Across the listing that follows, establish how many lines contain the string "ezdxf" and provide that number by itself.

**** RECORDS FOR THE TASK

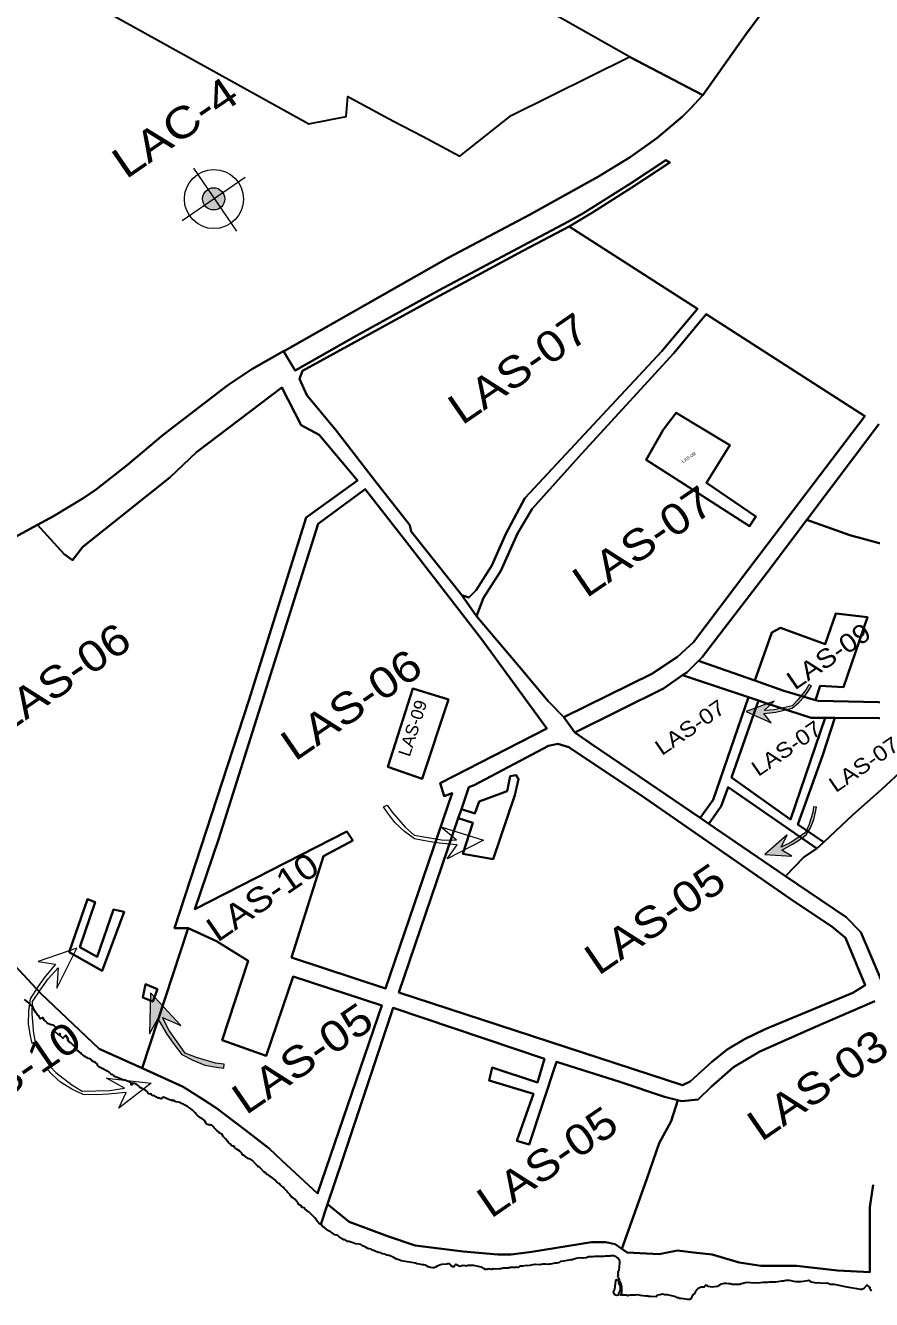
# Model space of a CAD drawing. Header units: metres. Extents: x 263924 to 318888, y 5017073 to 5064560.
# Drawn here: x 292587 to 295224, y 5030530 to 5034501 of the extents above; entities that cross this region are included whole.
import ezdxf

# ---------------------------------------------------------------- set-up
doc = ezdxf.new("R2010")
doc.units = ezdxf.units.M
doc.header["$LTSCALE"] = 38
for name, color, linetype, lineweight in [('1', 7, 'Continuous', 25), ('60', 7, 'Continuous', 13), ('61', 7, 'Continuous', 13)]:
    doc.layers.add(name, color=color, linetype=linetype, lineweight=lineweight)
doc.layers.add('6', color=7, linetype='Continuous')

msp = doc.modelspace()

# ---------------------------------------------------------------- hatches: boundary and pattern name
at = {"layer": '60'}
for points in [[(294920.34, 5032394.86), (294833.38, 5032362.76), (294910.81, 5032327.8), (294888.45, 5032356.16), (294925.16, 5032361.34), (294947.55, 5032365.98), (294976.01, 5032373.43), (294996.05, 5032389.52), (295015.14, 5032409.22), (295028.34, 5032429.33), (295036.39, 5032443.01), (295028.55, 5032446.38), (295019.62, 5032431.01), (294993.93, 5032398.86), (294976.23, 5032380.91), (294948.18, 5032374.57), (294920.13, 5032368.23), (294889.5, 5032365.86)], [(294960.54, 5031978.45), (294890.85, 5031917.33), (294975.66, 5031912.42), (294944.63, 5031930.9), (294977.05, 5031948.88), (294996.29, 5031961.23), (295020.2, 5031978.38), (295033.15, 5032000.57), (295043.92, 5032025.8), (295049.04, 5032049.3), (295051.66, 5032064.96), (295043.13, 5032065.31), (295040.3, 5032047.76), (295027.83, 5032008.54), (295017.73, 5031985.44), (294993.81, 5031969.47), (294969.88, 5031953.51), (294942.13, 5031940.32)], [(293071.79, 5031383.57), (292976.92, 5031485.41), (292973.38, 5031357.89), (292999.7, 5031405.3), (293028.16, 5031357.46), (293047.56, 5031329.14), (293074.38, 5031294.04), (293108.27, 5031275.61), (293146.63, 5031260.57), (293182.13, 5031253.96), (293205.74, 5031250.73), (293205.88, 5031263.54), (293179.41, 5031267), (293119.99, 5031283.95), (293084.86, 5031298.06), (293059.82, 5031333.24), (293034.78, 5031368.42), (293013.74, 5031409.48)]]:
    msp.add_hatch(color=256, dxfattribs=at).paths.add_polyline_path(points)
at = {"layer": '61'}
msp.add_hatch(color=256, dxfattribs=at).paths.add_polyline_path([(293193.38, 5033932.3, 1), (293154.25, 5033989.44, 1)])

# ---------------------------------------------------------------- linework, layer by layer
at = {"layer": '1'}
for points in [[(292729.28, 5034606.57), (293470.52, 5034195), (293586.37, 5034217.84), (293591.52, 5034280), (293693.52, 5034225), (293734.52, 5034203), (293824.67, 5034156.12), (293940.73, 5034093.9), (294100.52, 5034221.01), (294469.89, 5034403.84), (294697.49, 5034283.73), (294659.27, 5034242.86), (294634.57, 5034217.6), (294554.52, 5034150.01), (294471.52, 5034091.01)], [(294281.16, 5033874.67), (294354.44, 5033918.3), (294476.79, 5033995.87), (294594.61, 5034073.84), (294582.22, 5034081.77), (294472.07, 5034008.99), (294324.17, 5033915.35), (294279.43, 5033889.99), (294155.33, 5033825.38), (293876.39, 5033676.31), (293619.83, 5033534.78), (293427.73, 5033425.99), (293391.23, 5033485.78), (293396.43, 5033488.73), (293904.53, 5033777), (294157.53, 5033911), (294372.52, 5034031.01), (294471.52, 5034091.01), (294554.52, 5034150.01), (294634.57, 5034217.6), (294659.27, 5034242.86), (294697.49, 5034283.73), (294835.81, 5034479.14), (294905.41, 5034571.66)], [(294905.41, 5034571.66), (294835.81, 5034479.14), (294697.49, 5034283.73), (294469.89, 5034403.84), (294228.5, 5034540.28)], [(294471.52, 5034091.01), (294372.52, 5034031.01), (294157.53, 5033911), (293904.53, 5033777), (293396.43, 5033488.73), (293391.23, 5033485.78), (293292.53, 5033430), (293217.53, 5033380), (293016.53, 5033225), (292905.53, 5033132), (292808.53, 5033055.99), (292769.53, 5033028.99), (292674.7, 5032971.72), (292624.64, 5032944.53), (292450.53, 5032849.99)], [(293385.93, 5030962.86), (293496.95, 5030860.24), (293698.04, 5031446.92), (293421.81, 5031536.88), (293337.43, 5031289.75), (293200.6, 5031338.54), (293281.43, 5031585.19), (293182.85, 5031646.51), (293094.35, 5031687.41), (293051.48, 5031687.33), (293283.61, 5032396.78), (293462.12, 5032967.99), (293621.43, 5033082.95), (293502.17, 5033225.75), (293446.41, 5033255.89), (293385.98, 5033372.62), (293120.15, 5033171.05), (293037.2, 5033092.76), (292766.21, 5032875.95), (292734.13, 5032834.46), (292707.55, 5032853.34), (292624.64, 5032944.53), (292674.7, 5032971.72), (292769.53, 5033028.99), (292808.53, 5033055.99), (292905.53, 5033132), (293016.53, 5033225), (293217.53, 5033380), (293292.53, 5033430), (293391.23, 5033485.78), (293427.73, 5033425.99), (293619.83, 5033534.78), (293876.39, 5033676.31), (294155.33, 5033825.38), (294279.43, 5033889.99), (294324.17, 5033915.35), (294472.07, 5034008.99), (294582.22, 5034081.77), (294594.61, 5034073.84), (294476.79, 5033995.87)], [(294476.79, 5033995.87), (294354.44, 5033918.3), (294281.16, 5033874.67), (294136.6, 5033799.37), (293838.51, 5033637.86)], [(294014.74, 5032717.7), (293992.43, 5032659.62), (293947.38, 5032725.4), (293968.95, 5032718.09), (293992.03, 5032740.8), (294040, 5032817.82), (294083.9, 5032916.91), (294143.12, 5033027.87), (294570.26, 5033486.05), (294681.7, 5033617.74), (294281.16, 5033874.67)], [(293838.51, 5033637.86), (293450.58, 5033424.64), (293441.1, 5033400.2), (293463.53, 5033349.31), (293555.89, 5033238.62), (293674.39, 5033083.72), (293785.12, 5032944.2), (293789.48, 5032923.73), (293947.38, 5032725.4), (293992.43, 5032659.62), (294125.83, 5032503.13), (294215.63, 5032394.8), (294264.45, 5032345.7), (294299.05, 5032297.61), (294349.5, 5032261.99), (294501.74, 5032159.34), (294689.34, 5032031.24), (294716.38, 5032012.77), (294798.6, 5031956.62), (294955.97, 5031849.8), (294990.93, 5031826.06), (295145, 5031721.46), (295190.7, 5031674.68), (295255.14, 5031523.61)], [(295246.66, 5033258.3), (295022.01, 5032960.44), (294898.44, 5032796.58), (294695.55, 5032532.43), (294684.49, 5032521.35), (294648.04, 5032484.86), (294634.97, 5032475.91), (294575.34, 5032435.07), (294299.05, 5032297.61), (294264.45, 5032345.7), (294539.25, 5032480.47), (294619.53, 5032533.79), (294668.61, 5032579.08), (294838.38, 5032803.86), (295202.37, 5033283.52), (294707.87, 5033601.57), (294607.61, 5033479.87), (294320.72, 5033167.45), (294165.65, 5032994.98), (294120.84, 5032917.36), (294068, 5032801.11), (294014.74, 5032717.7)], [(292450.53, 5032849.99), (292624.64, 5032944.53), (292707.55, 5032853.34), (292734.13, 5032834.46), (292766.21, 5032875.95), (293037.2, 5033092.76), (293120.15, 5033171.05), (293385.98, 5033372.62), (293446.41, 5033255.89), (293502.17, 5033225.75), (293621.43, 5033082.95), (293462.12, 5032967.99), (293283.61, 5032396.78), (293051.48, 5031687.33), (293094.35, 5031687.41), (292951.01, 5031251.58), (292816.49, 5031311.34), (292636.3, 5031483.01), (292538.28, 5031587.91)], [(295328.78, 5032866.12), (295155.57, 5032912.42), (295022.01, 5032960.44), (295246.66, 5033258.3)], [(295385.73, 5032341.14), (295109.1, 5032343.14), (295079.48, 5032343.36), (295035.88, 5032343.67), (294894.74, 5032389.25), (294871.56, 5032396.98), (294840.34, 5032407.4), (294634.97, 5032475.91), (294648.04, 5032484.86), (294684.49, 5032521.35), (294860.36, 5032459.07), (294950.22, 5032427.25), (295048.69, 5032398.41), (295056.91, 5032396), (295481.31, 5032387)], [(295255.14, 5031523.61), (295190.7, 5031674.68), (295145, 5031721.46), (294990.93, 5031826.06), (294955.97, 5031849.8), (295012.81, 5031908.61), (295053.19, 5031936.02), (295075.28, 5031955.25), (295165.18, 5032040.83), (295254.72, 5032119.99)], [(292538.28, 5031587.91), (292636.3, 5031483.01), (292816.49, 5031311.34), (292951.01, 5031251.58), (293078.35, 5031193.32), (293138.18, 5031155.13), (293182.27, 5031126.68), (293272.7, 5031057.69), (293346.71, 5031000.51), (293385.93, 5030962.86)], [(292727.64, 5031329.78), (292722.44, 5031334.48), (292719.04, 5031339.48), (292720.64, 5031341.88), (292713.84, 5031352.28), (292711.74, 5031352.98), (292703.74, 5031344.88), (292693.54, 5031353.48), (292696.24, 5031357.28), (292693.84, 5031358.78), (292690.34, 5031354.48), (292677.24, 5031366.48), (292683.04, 5031376.48), (292679.74, 5031380.08), (292676.83, 5031382.88), (292672.24, 5031384.78), (292667.44, 5031386.18), (292658.83, 5031389.78), (292654.74, 5031392.68), (292650.14, 5031396.48), (292648.44, 5031398.78), (292645.83, 5031401.08), (292644.83, 5031403.88), (292642.64, 5031407.88), (292640.03, 5031408.28), (292633.14, 5031404.58), (292629.33, 5031410.58), (292630.03, 5031412.78), (292623.33, 5031417.98), (292621.53, 5031421.88), (292618.74, 5031425.68), (292615.24, 5031431.18), (292611.33, 5031439.88), (292609.33, 5031443.38), (292603.14, 5031448.58), (292598.33, 5031453.78), (292592.44, 5031458.38), (292588.44, 5031462.18), (292583.83, 5031464.88)], [(295234.06, 5031460.37), (295048.86, 5031380.38), (294875.68, 5031302.78), (294793.68, 5031254.43), (294724.35, 5031193.28), (294683.32, 5031153.47), (294632.49, 5031147.94), (294619.98, 5031151.08), (294578.28, 5031161.57), (294438.8, 5031208.54), (294241.96, 5031270.9), (294156.81, 5031013.48), (294118.27, 5031024.17), (294170, 5031170.86), (294031.92, 5031212.94), (294041.69, 5031252.81), (294182.49, 5031206.75), (294204.33, 5031280.26), (293732.52, 5031439.3), (293575.56, 5030964.82), (293528.56, 5030826.62), (293507.27, 5030764.05), (293501.84, 5030767.48), (293499.54, 5030770.58), (293496.14, 5030774.18), (293493.94, 5030777.38)], [(295228.74, 5030887.87), (295218.25, 5030817.3), (295218.82, 5030615.64), (295117.09, 5030620.3), (294989.7, 5030634.7), (294879.02, 5030634.5), (294810.85, 5030645.78), (294727.14, 5030669.94), (294668.64, 5030676.91), (294619.37, 5030682.66), (294561.48, 5030671.57), (294462.26, 5030676.7), (294445.54, 5030688.04), (294465.13, 5030743.33), (294523.08, 5030906.57), (294561.89, 5031017.02), (294598.77, 5031085.56), (294619.98, 5031151.08), (294632.49, 5031147.94), (294683.32, 5031153.47), (294724.35, 5031193.28), (294793.68, 5031254.43), (294875.68, 5031302.78), (295048.86, 5031380.38), (295234.06, 5031460.37)], [(292901.84, 5031211.28), (292899.54, 5031212.78), (292896.34, 5031213.18), (292894.04, 5031214.08), (292867.65, 5031224.53), (292864.04, 5031225.38), (292861.14, 5031228.08), (292859.04, 5031230.38), (292856.24, 5031231.58), (292853.44, 5031233.58), (292851.24, 5031235.68), (292848.14, 5031238.28), (292820.45, 5031252.87), (292815.94, 5031255.58), (292811.94, 5031259.08), (292811.94, 5031263.28), (292806.24, 5031268.08), (292800.84, 5031270.58), (292797.04, 5031271.78), (292795.74, 5031273.48), (292793.44, 5031275.28), (292790.94, 5031277.98), (292789.34, 5031279.28), (292786.24, 5031280.18), (292783.44, 5031281.28), (292780.64, 5031282.98), (292777.44, 5031284.38), (292774.24, 5031286.08), (292771.84, 5031287.78), (292761.74, 5031295.78), (292760.54, 5031297.98), (292757.94, 5031298.38), (292755.84, 5031299.48), (292753.64, 5031302.88), (292746.84, 5031308.18), (292744.84, 5031311.08), (292747.84, 5031314.58), (292737.04, 5031322.18), (292729.64, 5031328.98), (292727.64, 5031329.78)], [(293036.04, 5031152.18), (293017.64, 5031160.48), (293015.04, 5031159.88), (293013.14, 5031158.58), (293011.74, 5031156.18), (293009.84, 5031154.98), (293001.64, 5031158.68), (292999.44, 5031157.88), (292997.74, 5031159.78), (292995.54, 5031160.18), (292991.04, 5031164.08), (292988.24, 5031166.08), (292985.14, 5031165.18), (292981.74, 5031165.38), (292980.44, 5031168.38), (292977.94, 5031170.68), (292976.04, 5031169.58), (292973.14, 5031170.68), (292969.54, 5031172.88), (292967.04, 5031177.68), (292961.14, 5031182.38), (292957.74, 5031183.78), (292954.14, 5031184.08), (292950.94, 5031188.08), (292946.94, 5031189.68), (292944.64, 5031190.18), (292943.64, 5031192.08), (292941.94, 5031194.28), (292938.44, 5031197.28), (292935.64, 5031198.88), (292932.74, 5031200.08), (292929.34, 5031202.78), (292921.74, 5031204.48), (292918.84, 5031198.68), (292916.54, 5031199.58), (292916.54, 5031204.28), (292915.14, 5031205.88), (292912.54, 5031207.18), (292907.64, 5031209.28), (292901.84, 5031211.28)], [(293189.54, 5031051.48), (293182.94, 5031057.88), (293180.64, 5031060.28), (293175.04, 5031065.58), (293172.64, 5031068.78), (293170.14, 5031071.28), (293166.64, 5031074.08), (293163.24, 5031073.28), (293161.04, 5031074.18), (293157.74, 5031073.98), (293153.34, 5031075.48), (293151.34, 5031077.48), (293146.14, 5031086.28), (293143.84, 5031088.68), (293141.44, 5031090.68), (293137.04, 5031093.78), (293132.14, 5031096.58), (293127.04, 5031099.98), (293123.34, 5031103.08), (293120.15, 5031106.87), (293115.54, 5031111.98), (293112.94, 5031114.48), (293110.74, 5031117.18), (293106.14, 5031121.38), (293098.34, 5031127.68), (293092.54, 5031131.58), (293081.64, 5031137.08), (293079.24, 5031138.78), (293075.64, 5031140.28), (293073.44, 5031141.38), (293068.74, 5031144.38), (293056.94, 5031145.78), (293053.14, 5031147.28), (293052.14, 5031149.28), (293048.64, 5031149.98), (293046.34, 5031151.98), (293044.94, 5031149.28), (293042.04, 5031149.88), (293039.84, 5031151.38), (293036.04, 5031152.18)], [(293335.54, 5030924.78), (293330.24, 5030927.88), (293318.34, 5030939.98), (293314.74, 5030944.28), (293312.34, 5030943.98), (293311.14, 5030945.88), (293305.04, 5030951.98), (293295.94, 5030961.88), (293291.34, 5030965.68), (293288.44, 5030967.48), (293282.84, 5030968.38), (293280.74, 5030969.18), (293278.24, 5030971.08), (293269.74, 5030978.28), (293267.14, 5030978.78), (293263.84, 5030980.98), (293262.34, 5030983.48), (293261.24, 5030986.08), (293257.14, 5030990.28), (293254.74, 5030991.48), (293253.94, 5030993.68), (293251.74, 5030994.58), (293247.34, 5030997.98), (293240.04, 5031003.18), (293238.44, 5031004.68), (293236.94, 5031007.58), (293233.84, 5031007.88), (293231.24, 5031008.68), (293228.54, 5031010.98), (293224.84, 5031015.08), (293219.84, 5031019.28), (293218.34, 5031022.58), (293215.84, 5031024.88), (293210.04, 5031030.38), (293205.54, 5031036.28), (293203.54, 5031038.18), (293199.74, 5031045.18), (293197.44, 5031045.98), (293192.04, 5031048.68), (293189.54, 5031051.48)], [(293493.94, 5030777.38), (293488.44, 5030784.08), (293479.04, 5030794.08), (293471.24, 5030801.68), (293467.94, 5030804.38), (293463.54, 5030807.28), (293457.64, 5030812.08), (293455.74, 5030815.18), (293449.94, 5030817.18), (293446.44, 5030821.78), (293441.24, 5030824.58), (293437.44, 5030827.78), (293435.54, 5030831.08), (293432.34, 5030835.88), (293427.64, 5030841.28), (293420.14, 5030847.58), (293417.54, 5030848.38), (293414.04, 5030852.28), (293412.54, 5030855.98), (293408.24, 5030860.18), (293404.24, 5030864.88), (293402.14, 5030867.88), (293393.24, 5030876.18), (293391.14, 5030879.58), (293383.64, 5030885.28), (293381.04, 5030887.58), (293378.44, 5030890.68), (293376.64, 5030891.78), (293373.54, 5030894.08), (293370.44, 5030895.88), (293363.84, 5030902.68), (293360.24, 5030905.68), (293357.64, 5030908.38), (293354.64, 5030910.28), (293350.84, 5030911.98), (293349.14, 5030913.08), (293346.74, 5030916.18), (293343.44, 5030918.28), (293339.64, 5030919.98), (293335.54, 5030924.78)], [(294165.15, 5030679.04), (294350.59, 5030708.59), (294394.98, 5030708.75), (294424.66, 5030702.19), (294445.54, 5030688.04), (294462.26, 5030676.7), (294561.48, 5030671.57), (294619.37, 5030682.65), (294668.64, 5030676.91), (294727.14, 5030669.94), (294810.85, 5030645.78), (294879.02, 5030634.5), (294989.7, 5030634.7), (295117.09, 5030620.3), (295218.82, 5030615.64), (295218.25, 5030817.3), (295228.74, 5030887.87)], [(293635.14, 5030698.48), (293631.74, 5030701.68), (293625.94, 5030702.68), (293615.74, 5030703.98), (293610.04, 5030705.28), (293605.74, 5030707.58), (293600.64, 5030708.18), (293596.14, 5030711.08), (293590.74, 5030710.48), (293586.64, 5030713.68), (293582.94, 5030716.08), (293579.64, 5030716.28), (293576.64, 5030717.98), (293574.34, 5030719.08), (293567.14, 5030724.58), (293563.54, 5030726.58), (293561.64, 5030728.08), (293557.84, 5030730.28), (293550.94, 5030731.28), (293547.44, 5030734.38), (293542.44, 5030737.58), (293536.94, 5030741.48), (293533.94, 5030743.18), (293529.64, 5030744.98), (293526.84, 5030746.68), (293518.84, 5030754.48), (293513.74, 5030756.48), (293513.24, 5030758.68), (293510.14, 5030762.68), (293509.06, 5030763.18), (293507.54, 5030763.88), (293507.27, 5030764.05), (293528.56, 5030826.62), (293595.94, 5030772.24), (293718.93, 5030726.27), (293801.92, 5030698.26), (293950.89, 5030679.31), (294058.81, 5030670.06), (294100.7, 5030670.18), (294165.15, 5030679.04)], [(293880.04, 5030637.79), (293870.14, 5030633.38), (293865.04, 5030631.18), (293859.54, 5030629.18), (293855.74, 5030628.98), (293849.84, 5030629.58), (293846.04, 5030630.38), (293842.34, 5030631.88), (293836.84, 5030634.78), (293832.94, 5030636.48), (293828.24, 5030637.78), (293824.54, 5030637.88), (293819.74, 5030638.58), (293814.44, 5030640.58), (293806.64, 5030641.18), (293802.34, 5030643.18), (293757.44, 5030650.08), (293753.54, 5030652.08), (293741.64, 5030657.18), (293732.54, 5030661.88), (293722.64, 5030666.38), (293720.04, 5030667.08), (293713.54, 5030667.98), (293710.14, 5030669.58), (293707.94, 5030670.88), (293700.64, 5030671.88), (293696.94, 5030673.78), (293694.24, 5030675.38), (293690.64, 5030676.68), (293686.04, 5030676.88), (293682.54, 5030678.88), (293679.34, 5030680.08), (293675.34, 5030682.08), (293667.94, 5030683.78), (293664.34, 5030686.48), (293657.04, 5030687.78), (293654.44, 5030689.38), (293648.44, 5030692.18), (293642.44, 5030695.58), (293635.14, 5030698.48)], [(294056.84, 5030624.79), (294051.45, 5030625.19), (294047.04, 5030624.19), (294044.75, 5030625.49), (294042.45, 5030624.49), (294038.95, 5030623.38), (294035.7, 5030624.08), (294032.15, 5030625.08), (294026.34, 5030623.49), (294023.34, 5030624.38), (294021.15, 5030623.29), (294015.54, 5030626.69), (294009.54, 5030630.69), (294002.84, 5030631.88), (293997.54, 5030632.38), (293988.84, 5030634.69), (293983.95, 5030635.49), (293977.04, 5030635.79), (293966.04, 5030635.79), (293960.45, 5030633.88), (293958.34, 5030634.79), (293956.34, 5030635.38), (293949.84, 5030635.99), (293947.54, 5030634.79), (293940.75, 5030633.08), (293928.75, 5030638.79), (293926.04, 5030637.99), (293923.75, 5030636.08), (293921.65, 5030632.29), (293918.64, 5030632.08), (293915.54, 5030633.58), (293913.74, 5030634.88), (293912.84, 5030637.38), (293911.54, 5030639.38), (293908.54, 5030640.88), (293905.14, 5030641.49), (293902.34, 5030641.08), (293900.14, 5030640.29), (293884.34, 5030639.29), (293880.04, 5030637.79)], [(294263.65, 5030649.79), (294254.85, 5030647.89), (294251.15, 5030645.69), (294243.35, 5030643.69), (294237.85, 5030643.19), (294227.55, 5030641.19), (294223.05, 5030640.59), (294220.15, 5030640.39), (294217.55, 5030639.19), (294208.85, 5030639.79), (294204.55, 5030640.29), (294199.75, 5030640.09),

********

[SOLUTION FOR THIS TASK]:
3